This was by far my favorite city for art. Seeing the Guernica live and in all its glory was chilling. I had always head about the impact of this painting, but never really understood it. Now that I have the image of it burned into my mind, I feel like I understand it even more every day.
~Stella

No wonder it’s so hard to find a good Miró gallery. They’re all at the Reina Sofia.
~Isaiah

THYSSEN BORNEMISZA MUSEUM
Across the street from the Prado, this private collection is one of the jewels in the museum crown, and a mind boggler all its own. Its laid out chronologically, and much more accessible than many museums, and you’ll go from the Middle Ages through the 20th century.

Jardines del Moro, Madrid

THE PALACE GARDENS:
Beautiful sculptures and loads of couples making out—seems to be the place for exhibitionist who don’t have bedrooms of their own.

IF DADDY’S PAYING:
You might want to do a little tour of the PARADORS: state owned hotels, usually in historic buildings, with great accomodations and restaurants. Try the one in TOLEDO—you know, where the bulls run—or any of the towns you plan to visit. They’re too expensive for most students but if Daddy’s paying at least let him do it in style (especially if you’re dragging him along).

WHERE TO EAT:

Madrid has some terrific restaurants and they’re less expensive than anywhere else. Take advantage.
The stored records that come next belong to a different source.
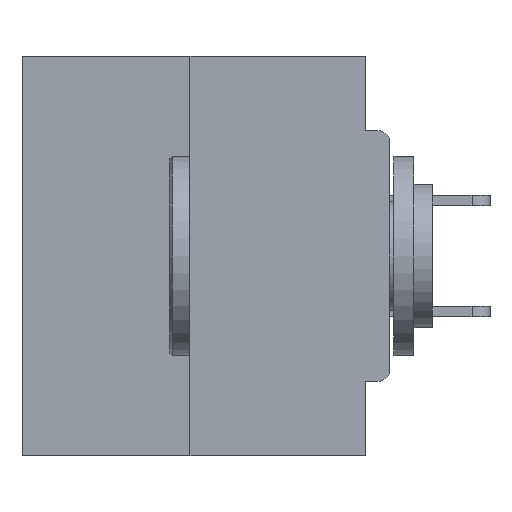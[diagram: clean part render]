
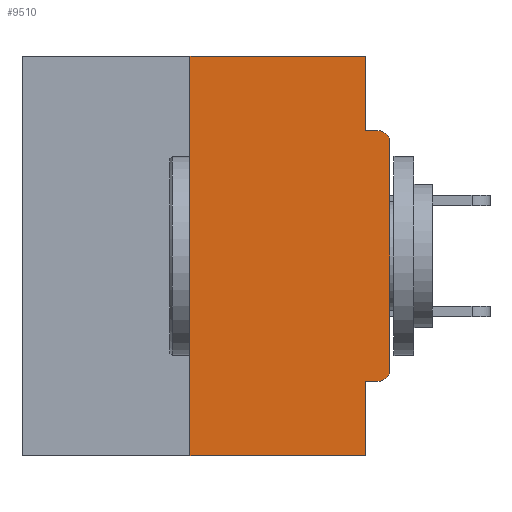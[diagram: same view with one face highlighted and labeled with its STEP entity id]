
A CAD part, left-side view. The second image highlights one B-rep face of the part: STEP entity #9510.
In plain terms, the highlighted planar face has unit normal (-1, 0, 0).
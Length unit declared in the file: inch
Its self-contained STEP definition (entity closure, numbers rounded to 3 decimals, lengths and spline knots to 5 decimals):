
#17 = CARTESIAN_POINT ( 'NONE',  ( 0., 0.25, -0.5 ) ) ;
#279 = DIRECTION ( 'NONE',  ( 0., 0., -1. ) ) ;
#440 = PLANE ( 'NONE',  #24521 ) ;
#573 = LINE ( 'NONE', #32784, #10503 ) ;
#1617 = VERTEX_POINT ( 'NONE', #31973 ) ;
#1720 = ORIENTED_EDGE ( 'NONE', *, *, #22638, .F. ) ;
#2002 = ORIENTED_EDGE ( 'NONE', *, *, #18049, .F. ) ;
#2202 = VECTOR ( 'NONE', #22533, 39.37008 ) ;
#2407 = LINE ( 'NONE', #23104, #30554 ) ;
#2554 = EDGE_CURVE ( 'NONE', #15399, #22537, #16532, .T. ) ;
#2559 = VERTEX_POINT ( 'NONE', #17 ) ;
#2639 = CIRCLE ( 'NONE', #29969, 0.015 ) ;
#2653 = CARTESIAN_POINT ( 'NONE',  ( 0., 0.46, 0. ) ) ;
#2937 = DIRECTION ( 'NONE',  ( -1., 0., 0. ) ) ;
#3298 = CARTESIAN_POINT ( 'NONE',  ( 0., 0.015, -0.1085 ) ) ;
#3328 = ORIENTED_EDGE ( 'NONE', *, *, #2554, .F. ) ;
#4705 = EDGE_CURVE ( 'NONE', #17028, #12317, #33828, .T. ) ;
#5769 = VECTOR ( 'NONE', #27185, 39.37008 ) ;
#5950 = CARTESIAN_POINT ( 'NONE',  ( 0., 0.015, -0.3915 ) ) ;
#6125 = EDGE_CURVE ( 'NONE', #2559, #10258, #17277, .T. ) ;
#6583 = DIRECTION ( 'NONE',  ( 0., 0., 1. ) ) ;
#7410 = CARTESIAN_POINT ( 'NONE',  ( 0., 0.031, 0. ) ) ;
#7471 = LINE ( 'NONE', #7410, #5769 ) ;
#8248 = DIRECTION ( 'NONE',  ( -1., 0., 0. ) ) ;
#8915 = EDGE_CURVE ( 'NONE', #17549, #22327, #573, .T. ) ;
#9510 = ADVANCED_FACE ( 'NONE', ( #32426 ), #440, .F. ) ;
#10258 = VERTEX_POINT ( 'NONE', #33867 ) ;
#10503 = VECTOR ( 'NONE', #33032, 39.37008 ) ;
#10528 = EDGE_CURVE ( 'NONE', #12317, #1617, #32049, .T. ) ;
#10896 = CARTESIAN_POINT ( 'NONE',  ( 0., 0.031, -0.5 ) ) ;
#11120 = VECTOR ( 'NONE', #16743, 39.37008 ) ;
#12317 = VERTEX_POINT ( 'NONE', #12371 ) ;
#12371 = CARTESIAN_POINT ( 'NONE',  ( 0., 0., -0.1085 ) ) ;
#12408 = EDGE_CURVE ( 'NONE', #22327, #10258, #29353, .T. ) ;
#12727 = CARTESIAN_POINT ( 'NONE',  ( 0., 0., -0.3915 ) ) ;
#12943 = VERTEX_POINT ( 'NONE', #16940 ) ;
#12977 = ORIENTED_EDGE ( 'NONE', *, *, #6125, .T. ) ;
#13026 = CARTESIAN_POINT ( 'NONE',  ( 0., 0.031, 0. ) ) ;
#13360 = VECTOR ( 'NONE', #17105, 39.37008 ) ;
#13642 = ORIENTED_EDGE ( 'NONE', *, *, #14729, .F. ) ;
#14442 = DIRECTION ( 'NONE',  ( 0., 0., 1. ) ) ;
#14729 = EDGE_CURVE ( 'NONE', #22537, #12943, #7471, .T. ) ;
#15399 = VERTEX_POINT ( 'NONE', #23097 ) ;
#16532 = LINE ( 'NONE', #2653, #2202 ) ;
#16743 = DIRECTION ( 'NONE',  ( 0., 0., -1. ) ) ;
#16758 = DIRECTION ( 'NONE',  ( 0., 0., -1. ) ) ;
#16912 = DIRECTION ( 'NONE',  ( 0., 0., -1. ) ) ;
#16940 = CARTESIAN_POINT ( 'NONE',  ( 0., 0.031, -0.0935 ) ) ;
#17028 = VERTEX_POINT ( 'NONE', #12727 ) ;
#17105 = DIRECTION ( 'NONE',  ( 0., -1., 0. ) ) ;
#17277 = LINE ( 'NONE', #33792, #13360 ) ;
#17549 = VERTEX_POINT ( 'NONE', #23138 ) ;
#17556 = CARTESIAN_POINT ( 'NONE',  ( 0., 0.031, -0.4065 ) ) ;
#17667 = LINE ( 'NONE', #28858, #25040 ) ;
#18049 = EDGE_CURVE ( 'NONE', #2559, #15399, #17667, .T. ) ;
#20073 = DIRECTION ( 'NONE',  ( 0., -1., 0. ) ) ;
#20664 = ORIENTED_EDGE ( 'NONE', *, *, #4705, .T. ) ;
#22327 = VERTEX_POINT ( 'NONE', #17556 ) ;
#22533 = DIRECTION ( 'NONE',  ( 0., -1., 0. ) ) ;
#22537 = VERTEX_POINT ( 'NONE', #13026 ) ;
#22638 = EDGE_CURVE ( 'NONE', #12943, #1617, #2407, .T. ) ;
#22728 = CARTESIAN_POINT ( 'NONE',  ( 0., 0.46, 0. ) ) ;
#23055 = CARTESIAN_POINT ( 'NONE',  ( 0., 0., 0. ) ) ;
#23097 = CARTESIAN_POINT ( 'NONE',  ( 0., 0.25, 0. ) ) ;
#23104 = CARTESIAN_POINT ( 'NONE',  ( 0., 0., -0.0935 ) ) ;
#23138 = CARTESIAN_POINT ( 'NONE',  ( 0., 0.015, -0.4065 ) ) ;
#24521 = AXIS2_PLACEMENT_3D ( 'NONE', #22728, #30693, #16912 ) ;
#24744 = VECTOR ( 'NONE', #14442, 39.37008 ) ;
#24930 = EDGE_LOOP ( 'NONE', ( #3328, #2002, #12977, #25231, #28264, #27457, #20664, #28079, #1720, #13642 ) ) ;
#25040 = VECTOR ( 'NONE', #6583, 39.37008 ) ;
#25231 = ORIENTED_EDGE ( 'NONE', *, *, #12408, .F. ) ;
#25684 = AXIS2_PLACEMENT_3D ( 'NONE', #3298, #8248, #16758 ) ;
#27185 = DIRECTION ( 'NONE',  ( 0., 0., -1. ) ) ;
#27457 = ORIENTED_EDGE ( 'NONE', *, *, #33493, .T. ) ;
#28079 = ORIENTED_EDGE ( 'NONE', *, *, #10528, .T. ) ;
#28264 = ORIENTED_EDGE ( 'NONE', *, *, #8915, .F. ) ;
#28858 = CARTESIAN_POINT ( 'NONE',  ( 0., 0.25, 0. ) ) ;
#29353 = LINE ( 'NONE', #10896, #11120 ) ;
#29969 = AXIS2_PLACEMENT_3D ( 'NONE', #5950, #2937, #279 ) ;
#30554 = VECTOR ( 'NONE', #20073, 39.37008 ) ;
#30693 = DIRECTION ( 'NONE',  ( 1., 0., 0. ) ) ;
#31973 = CARTESIAN_POINT ( 'NONE',  ( 0., 0.015, -0.0935 ) ) ;
#32049 = CIRCLE ( 'NONE', #25684, 0.015 ) ;
#32426 = FACE_OUTER_BOUND ( 'NONE', #24930, .T. ) ;
#32784 = CARTESIAN_POINT ( 'NONE',  ( 0., 0., -0.4065 ) ) ;
#33032 = DIRECTION ( 'NONE',  ( 0., 1., 0. ) ) ;
#33493 = EDGE_CURVE ( 'NONE', #17549, #17028, #2639, .T. ) ;
#33792 = CARTESIAN_POINT ( 'NONE',  ( 0., 0.46, -0.5 ) ) ;
#33828 = LINE ( 'NONE', #23055, #24744 ) ;
#33867 = CARTESIAN_POINT ( 'NONE',  ( 0., 0.031, -0.5 ) ) ;

LA FINCA DE SUSANA (C/Arlabán, 4) is really classy, but also informal and low key. Show up 30 minutes early and you’ll usually always get a table (but expect a line).

MONTANA (C/Lagasca, 5 ) looks fancier, but it’s owned by the same folks. This one is all black and white with fake bookshelves that advertise their fakes. Dress up (black) and fit right into the ambience. (Oh, and the food’s terrific too.)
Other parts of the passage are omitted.